Every day I cross the river on the turnpike and all I see towards Perrysburg is piles of ice.


----------



## Flathead76 (May 2, 2010)

So are the walleyes running yet???


----------



## BGfisherman08 (Mar 5, 2014)

No the walleye are not running. The river is Jammed up in lots of places.






this picture shows a cement wall which is over 15 feet tall and the ice is above it


----------



## Flathead76 (May 2, 2010)

Do you think they will be running by this weekend?


----------



## BGfisherman08 (Mar 5, 2014)

Not even close to start the run. Rivers frozen, water needs to be over 40 degrees before they start running. I wouldn't even think of starting till end of the month or first of april


----------



## Nwohiofisherman (Feb 7, 2012)

Run has already started caught my limit today in less than an hour.


----------



## fisherboy (Sep 17, 2012)

Did you wake up then? All the ice jams today looked kind of neat.


----------



## sopo716 (Mar 25, 2013)

fisherboy said:


> Did you wake up then? All the ice jams today looked kind of neat.

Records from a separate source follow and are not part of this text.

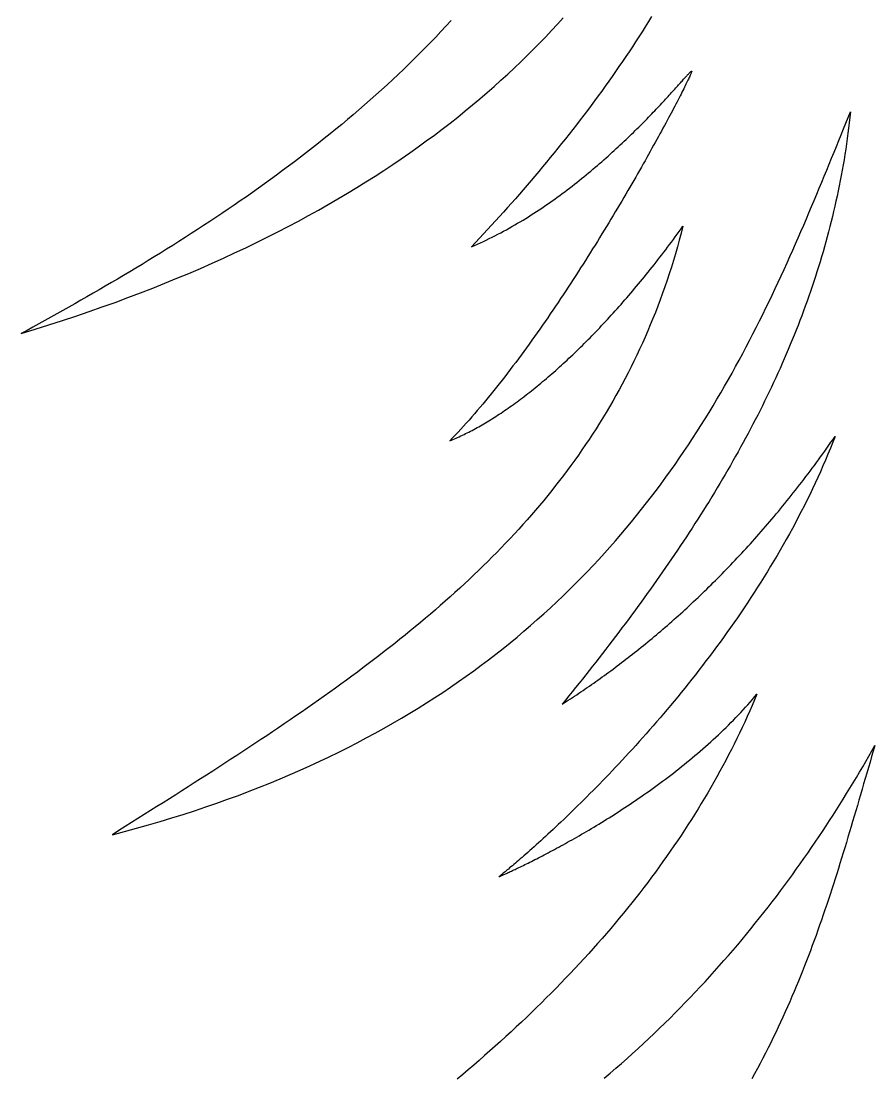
# Model space of a CAD drawing. Extents: x 5 to 105, y 2 to 136.
# Drawn here: x 68.37 to 76.45, y 37 to 46.99 of the extents above; entities that cross this region are included whole.
import ezdxf

# ---------------------------------------------------------------- set-up
doc = ezdxf.new("R2010")
doc.units = 0
doc.layers.get('0').update_dxf_attribs({"linetype": 'CONTINUOUS'})

msp = doc.modelspace()

# ---------------------------------------------------------------- linework, layer by layer
at = {"color": 7}
for points in [[(68.3735, 44.0363, 0), (68.5057, 44.0767, 0), (68.6362, 44.1178, 0), (68.765, 44.1594, 0), (68.8921, 44.2017, 0), (69.0175, 44.2445, 0), (69.1412, 44.2878, 0), (69.2632, 44.3317, 0), (69.3836, 44.3762, 0), (69.5024, 44.4211, 0), (69.6195, 44.4666, 0), (69.735, 44.5127, 0), (69.8489, 44.5592, 0), (69.9612, 44.6062, 0), (70.0719, 44.6537, 0), (70.181, 44.7017, 0), (70.2886, 44.7501, 0), (70.3946, 44.799, 0), (70.4991, 44.8484, 0), (70.6021, 44.8982, 0), (70.7035, 44.9484, 0), (70.8035, 44.9991, 0), (70.902, 45.0501, 0), (70.999, 45.1016, 0), (71.0945, 45.1534, 0), (71.1886, 45.2057, 0), (71.2812, 45.2583, 0), (71.3725, 45.3113, 0), (71.4622, 45.3646, 0), (71.5506, 45.4183, 0), (71.6376, 45.4723, 0), (71.7233, 45.5267, 0), (71.8075, 45.5813, 0), (71.8904, 45.6363, 0), (71.972, 45.6916, 0), (72.0522, 45.7472, 0), (72.1311, 45.803, 0), (72.2087, 45.8592, 0), (72.285, 45.9155, 0), (72.36, 45.9722, 0), (72.4337, 46.0291, 0), (72.5062, 46.0862, 0), (72.5775, 46.1436, 0), (72.6475, 46.2011, 0), (72.7162, 46.2589, 0), (72.7838, 46.3169, 0), (72.8501, 46.375, 0), (72.9153, 46.4334, 0), (72.9793, 46.4919, 0), (73.0421, 46.5506, 0), (73.1038, 46.6094, 0), (73.1643, 46.6684, 0), (73.2238, 46.7275, 0), (73.282, 46.7867, 0), (73.3392, 46.8461, 0), (73.3953, 46.9055, 0), (73.4503, 46.9651, 0), (73.5043, 47.0247, 0)], [(72.4448, 47.001, 0), (72.3963, 46.948, 0), (72.3474, 46.8955, 0), (72.2981, 46.8434, 0), (72.2484, 46.7916, 0), (72.1984, 46.7403, 0), (72.148, 46.6894, 0), (72.0972, 46.6388, 0), (72.046, 46.5887, 0), (71.9946, 46.5389, 0), (71.9428, 46.4895, 0), (71.8906, 46.4405, 0), (71.8382, 46.3919, 0), (71.7854, 46.3437, 0), (71.7323, 46.2958, 0), (71.6789, 46.2483, 0), (71.6253, 46.2011, 0), (71.5714, 46.1544, 0), (71.5172, 46.108, 0), (71.4627, 46.0619, 0), (71.408, 46.0162, 0), (71.3531, 45.9709, 0), (71.2979, 45.9259, 0), (71.2425, 45.8813, 0), (71.1869, 45.837, 0), (71.131, 45.793, 0), (71.075, 45.7494, 0), (71.0188, 45.7062, 0), (70.9624, 45.6632, 0), (70.9058, 45.6206, 0), (70.8491, 45.5784, 0), (70.7922, 45.5364, 0), (70.7351, 45.4948, 0), (70.678, 45.4535, 0), (70.6206, 45.4126, 0), (70.5632, 45.3719, 0), (70.5056, 45.3316, 0), (70.448, 45.2915, 0), (70.3902, 45.2518, 0), (70.3324, 45.2124, 0), (70.2744, 45.1733, 0), (70.2164, 45.1345, 0), (70.1584, 45.096, 0), (70.1003, 45.0578, 0), (70.0421, 45.0199, 0), (69.9839, 44.9823, 0), (69.9257, 44.9449, 0), (69.8674, 44.9079, 0), (69.8092, 44.8711, 0), (69.7509, 44.8347, 0), (69.6926, 44.7984, 0), (69.6344, 44.7625, 0), (69.5761, 44.7269, 0), (69.518, 44.6915, 0), (69.4598, 44.6563, 0), (69.4017, 44.6215, 0), (69.3436, 44.5869, 0), (69.2856, 44.5526, 0), (69.2277, 44.5185, 0), (69.1699, 44.4847, 0), (69.1121, 44.4511, 0), (69.0545, 44.4178, 0), (68.9969, 44.3847, 0), (68.9395, 44.3518, 0), (68.8822, 44.3192, 0), (68.825, 44.2869, 0), (68.768, 44.2548, 0), (68.7111, 44.2229, 0), (68.6544, 44.1912, 0), (68.5979, 44.1598, 0), (68.5415, 44.1286, 0), (68.4853, 44.0976, 0), (68.4293, 44.0668, 0), (68.3735, 44.0363, 0)], [(74.3407, 47.0363, 0), (74.3112, 46.9886, 0), (74.2813, 46.941, 0), (74.2512, 46.8935, 0), (74.2208, 46.8461, 0), (74.1901, 46.7988, 0), (74.1592, 46.7516, 0), (74.128, 46.7045, 0), (74.0965, 46.6576, 0), (74.0647, 46.6107, 0), (74.0327, 46.564, 0), (74.0005, 46.5173, 0), (73.968, 46.4709, 0), (73.9352, 46.4245, 0), (73.9023, 46.3782, 0), (73.869, 46.3321, 0), (73.8356, 46.2862, 0), (73.802, 46.2403, 0), (73.7681, 46.1946, 0), (73.734, 46.149, 0), (73.6997, 46.1036, 0), (73.6652, 46.0583, 0), (73.6305, 46.0132, 0), (73.5956, 45.9682, 0), (73.5606, 45.9234, 0), (73.5253, 45.8787, 0), (73.4899, 45.8342, 0), (73.4543, 45.7898, 0), (73.4185, 45.7456, 0), (73.3826, 45.7016, 0), (73.3465, 45.6577, 0), (73.3102, 45.614, 0), (73.2738, 45.5704, 0), (73.2373, 45.5271, 0), (73.2006, 45.4839, 0), (73.1638, 45.4409, 0), (73.1269, 45.3981, 0), (73.0898, 45.3554, 0), (73.0526, 45.313, 0), (73.0153, 45.2707, 0), (72.9779, 45.2286, 0), (72.9404, 45.1867, 0), (72.9028, 45.145, 0), (72.8651, 45.1035, 0), (72.8273, 45.0622, 0), (72.7894, 45.0211, 0), (72.7514, 44.9802, 0), (72.7134, 44.9396, 0), (72.6753, 44.8991, 0), (72.6371, 44.8588, 0)], [(74.7208, 46.5177, 0), (74.7206, 46.5159, 0), (74.7199, 46.5134, 0), (74.7188, 46.51, 0), (74.7173, 46.5058, 0), (74.7153, 46.5009, 0), (74.7129, 46.4951, 0), (74.7101, 46.4885, 0), (74.7069, 46.4812, 0), (74.7033, 46.4731, 0), (74.6992, 46.4643, 0), (74.6948, 46.4547, 0), (74.6899, 46.4444, 0), (74.6847, 46.4334, 0), (74.679, 46.4217, 0), (74.673, 46.4092, 0), (74.6666, 46.3961, 0), (74.6598, 46.3823, 0), (74.6526, 46.3678, 0), (74.645, 46.3527, 0), (74.6371, 46.3369, 0), (74.6288, 46.3205, 0), (74.6201, 46.3035, 0), (74.6111, 46.2858, 0), (74.6017, 46.2675, 0), (74.592, 46.2486, 0), (74.5819, 46.2292, 0), (74.5714, 46.2091, 0), (74.5607, 46.1885, 0), (74.5496, 46.1674, 0), (74.5381, 46.1457, 0), (74.5263, 46.1234, 0), (74.5142, 46.1006, 0), (74.5018, 46.0773, 0), (74.4891, 46.0535, 0), (74.476, 46.0292, 0), (74.4626, 46.0044, 0), (74.449, 45.9792, 0), (74.435, 45.9534, 0), (74.4207, 45.9272, 0), (74.4061, 45.9006, 0), (74.3912, 45.8735, 0), (74.3761, 45.846, 0), (74.3606, 45.8181, 0), (74.3449, 45.7898, 0), (74.3289, 45.7611, 0), (74.3126, 45.732, 0), (74.2961, 45.7025, 0), (74.2792, 45.6726, 0), (74.2622, 45.6424, 0), (74.2448, 45.6119, 0), (74.2272, 45.581, 0), (74.2094, 45.5498, 0), (74.1913, 45.5182, 0), (74.173, 45.4864, 0), (74.1544, 45.4543, 0), (74.1356, 45.4219, 0), (74.1165, 45.3892, 0), (74.0973, 45.3562, 0), (74.0778, 45.323, 0), (74.0581, 45.2896, 0), (74.0381, 45.2559, 0), (74.018, 45.222, 0), (73.9976, 45.1879, 0), (73.9771, 45.1536, 0), (73.9563, 45.119, 0), (73.9353, 45.0843, 0), (73.9142, 45.0495, 0), (73.8928, 45.0144, 0), (73.8713, 44.9792, 0), (73.8496, 44.9439, 0), (73.8277, 44.9084, 0), (73.8056, 44.8728, 0), (73.7833, 44.8371, 0), (73.7609, 44.8013, 0), (73.7384, 44.7654, 0), (73.7156, 44.7294, 0), (73.6927, 44.6934, 0), (73.6697, 44.6573, 0), (73.6465, 44.6211, 0), (73.6231, 44.5849, 0), (73.5996, 44.5486, 0), (73.576, 44.5124, 0), (73.5523, 44.4761, 0), (73.5284, 44.4398, 0), (73.5044, 44.4035, 0), (73.4802, 44.3673, 0), (73.456, 44.3311, 0), (73.4316, 44.2949, 0), (73.4071, 44.2587, 0), (73.3825, 44.2227, 0), (73.3578, 44.1867, 0), (73.333, 44.1507, 0), (73.3081, 44.1149, 0), (73.2832, 44.0791, 0), (73.2581, 44.0435, 0), (73.2329, 44.008, 0), (73.2077, 43.9726, 0), (73.1824, 43.9374, 0), (73.157, 43.9023, 0), (73.1315, 43.8674, 0), (73.106, 43.8326, 0), (73.0804, 43.798, 0), (73.0548, 43.7636, 0), (73.0291, 43.7295, 0), (73.0033, 43.6955, 0), (72.9775, 43.6617, 0), (72.9517, 43.6282, 0), (72.9258, 43.5949, 0), (72.8999, 43.5619, 0), (72.8739, 43.5291, 0), (72.8479, 43.4966, 0), (72.8219, 43.4644, 0), (72.7959, 43.4325, 0), (72.7698, 43.4009, 0), (72.7438, 43.3696, 0), (72.7177, 43.3386, 0), (72.6916, 43.3079, 0), (72.6656, 43.2776, 0), (72.6395, 43.2476, 0), (72.6134, 43.218, 0), (72.5874, 43.1888, 0), (72.5613, 43.16, 0), (72.5353, 43.1315, 0), (72.5093, 43.1035, 0), (72.4833, 43.0759, 0), (72.4574, 43.0486, 0), (72.4314, 43.0219, 0)], [(72.6371, 44.8588, 0), (72.6652, 44.8709, 0), (72.6932, 44.8833, 0), (72.7211, 44.8959, 0), (72.7489, 44.9088, 0), (72.7765, 44.9219, 0), (72.804, 44.9352, 0), (72.8314, 44.9487, 0), (72.8587, 44.9625, 0), (72.8859, 44.9765, 0), (72.9129, 44.9907, 0), (72.9398, 45.0051, 0), (72.9666, 45.0197, 0), (72.9932, 45.0345, 0), (73.0197, 45.0494, 0), (73.0461, 45.0646, 0), (73.0723, 45.0799, 0), (73.0984, 45.0954, 0), (73.1243, 45.1111, 0), (73.1501, 45.1269, 0), (73.1758, 45.1428, 0), (73.2013, 45.1589, 0), (73.2267, 45.1752, 0), (73.2519, 45.1916, 0), (73.2769, 45.2081, 0), (73.3018, 45.2247, 0), (73.3266, 45.2414, 0), (73.3512, 45.2583, 0), (73.3756, 45.2753, 0), (73.3999, 45.2923, 0), (73.424, 45.3095, 0), (73.448, 45.3267, 0), (73.4717, 45.3441, 0), (73.4954, 45.3615, 0), (73.5188, 45.3789, 0), (73.5421, 45.3965, 0), (73.5652, 45.4141, 0), (73.5881, 45.4317, 0), (73.6109, 45.4494, 0), (73.6334, 45.4671, 0), (73.6558, 45.4849, 0), (73.678, 45.5027, 0), (73.7001, 45.5206, 0), (73.7219, 45.5384, 0), (73.7436, 45.5563, 0), (73.765, 45.5741, 0), (73.7863, 45.592, 0), (73.8074, 45.6099, 0), (73.8283, 45.6277, 0), (73.849, 45.6456, 0), (73.8695, 45.6634, 0), (73.8898, 45.6812, 0), (73.9099, 45.699, 0), (73.9298, 45.7167, 0), (73.9495, 45.7344, 0), (73.969, 45.752, 0), (73.9883, 45.7696, 0), (74.0074, 45.7871, 0), (74.0263, 45.8045, 0), (74.0449, 45.8219, 0), (74.0634, 45.8392, 0), (74.0816, 45.8564, 0), (74.0996, 45.8735, 0), (74.1174, 45.8905, 0), (74.1349, 45.9074, 0), (74.1523, 45.9242, 0), (74.1694, 45.9409, 0), (74.1863, 45.9575, 0), (74.203, 45.974, 0), (74.2194, 45.9903, 0), (74.2356, 46.0065, 0), (74.2516, 46.0225, 0), (74.2673, 46.0384, 0), (74.2828, 46.0542, 0), (74.2981, 46.0698, 0), (74.3131, 46.0852, 0), (74.3279, 46.1005, 0), (74.3424, 46.1155, 0), (74.3567, 46.1304, 0), (74.3708, 46.1451, 0), (74.3846, 46.1596, 0), (74.3981, 46.174, 0), (74.4114, 46.1881, 0), (74.4244, 46.202, 0), (74.4372, 46.2156, 0), (74.4497, 46.2291, 0), (74.462, 46.2423, 0), (74.474, 46.2553, 0), (74.4858, 46.2681, 0), (74.4973, 46.2806, 0), (74.5085, 46.2929, 0), (74.5194, 46.3049, 0), (74.5301, 46.3166, 0), (74.5405, 46.3281, 0), (74.5506, 46.3393, 0), (74.5605, 46.3502, 0), (74.5701, 46.3608, 0), (74.5794, 46.3712, 0), (74.5884, 46.3812, 0), (74.5972, 46.391, 0), (74.6056, 46.4004, 0), (74.6138, 46.4095, 0), (74.6217, 46.4183, 0), (74.6293, 46.4268, 0), (74.6366, 46.435, 0), (74.6436, 46.4428, 0), (74.6504, 46.4502, 0), (74.6568, 46.4573, 0), (74.6629, 46.4641, 0), (74.6688, 46.4705, 0), (74.6743, 46.4765, 0), (74.6795, 46.4822, 0), (74.6845, 46.4875, 0), (74.6891, 46.4924, 0), (74.6934, 46.4969, 0), (74.6974, 46.501, 0), (74.7011, 46.5048, 0), (74.7045, 46.5081, 0), (74.7076, 46.511, 0), (74.7103, 46.5135, 0), (74.7128, 46.5155, 0), (74.7149, 46.5172, 0), (74.7167, 46.5184, 0), (74.7181, 46.5191, 0), (74.7193, 46.5194, 0), (74.7201, 46.5193, 0), (74.7206, 46.5187, 0), (74.7208, 46.5177, 0)], [(69.2371, 39.2931, 0), (69.3524, 39.3232, 0), (69.4662, 39.3542, 0), (69.5787, 39.3859, 0), (69.6898, 39.4183, 0), (69.7996, 39.4515, 0), (69.908, 39.4853, 0), (70.015, 39.5199, 0), (70.1208, 39.5553, 0), (70.2252, 39.5913, 0), (70.3283, 39.6279, 0), (70.4302, 39.6653, 0), (70.5307, 39.7034, 0), (70.63, 39.742, 0), (70.728, 39.7814, 0), (70.8248, 39.8214, 0), (70.9203, 39.862, 0), (71.0146, 39.9032, 0), (71.1076, 39.9451, 0), (71.1995, 39.9876, 0), (71.2901, 40.0306, 0), (71.3796, 40.0742, 0), (71.4679, 40.1185, 0), (71.555, 40.1632, 0), (71.641, 40.2086, 0), (71.7258, 40.2545, 0), (71.8094, 40.3009, 0), (71.892, 40.3478, 0), (71.9734, 40.3953, 0), (72.0537, 40.4433, 0), (72.1329, 40.4918, 0), (72.211, 40.5408, 0), (72.2881, 40.5902, 0), (72.3641, 40.6402, 0), (72.439, 40.6906, 0), (72.5129, 40.7415, 0), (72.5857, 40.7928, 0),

fisherboy, have you been ice fishing your toledo river spots. saw some wholes drilled in location i know you fish during soft water. Just curious if the angler that drilled those whole did any good?


----------



## Flathead76 (May 2, 2010)

sopo716 said:


> fisherboy, have you been ice fishing your toledo river spots. saw some wholes drilled in location i know you fish during soft water. Just curious if the angler that drilled those whole did any good?


No that was me. Was using a pink floater with a chartreuse tail, 24 inch leader, and a 6 ounce bottom bouncer. Dont have any pictures because I only practice catch and release.


----------



## fisherboy (Sep 17, 2012)

No it was not me. I have't fish Ohio waters this year (except for Orlander Park).


----------



## NoStringsAttached (Jun 4, 2013)

Flathead76 said:


> Do you think they will be running by this weekend?


You should be able to fish ths Friday.


----------



## cschuller6 (Jul 16, 2013)

Flathead76 said:


> No that was me. Was using a pink floater with a chartreuse tail, 24 inch leader, and a 6 ounce bottom bouncer. Dont have any pictures because I only practice catch and release.


So does that mean you actually caught something?!


----------



## Flathead76 (May 2, 2010)

cschuller6 said:


> So does that mean you actually caught something?!


no you would have to be nuts to ice fish the river. Bored out of my skull like most of the other people on this site waiting for the weather to break.


----------



## snow on top (Nov 25, 2008)

Water level at Waterville


----------



## trapperjon (Mar 11, 2008)

BGfisherman08..... thx for the pix... you guys are hilarious , is it a sense of humor or a touch if insanity, JON


----------



## Gills63 (Mar 29, 2012)

I think like most springs, we will know its almost time when the river floods. Once it starts coming down to a reasonable flow its time to go.

Sent from my XT907 using Ohub Campfire mobile app


----------



## HatersGonnaHate (Jun 4, 2013)

and flood she will. going to be a disaster when it happens


----------



## tmorrow (Feb 26, 2008)

Hopefully it floods and washes all this ice out soon. I have a trip planned from March 30- April 5th.


----------



## KaGee (Sep 8, 2006)

Hard to tell if the "open" water around Orleans/Ft Meigs is really that or water on top of ice. Just downriver from Orleans the river is still jammed with stack ice.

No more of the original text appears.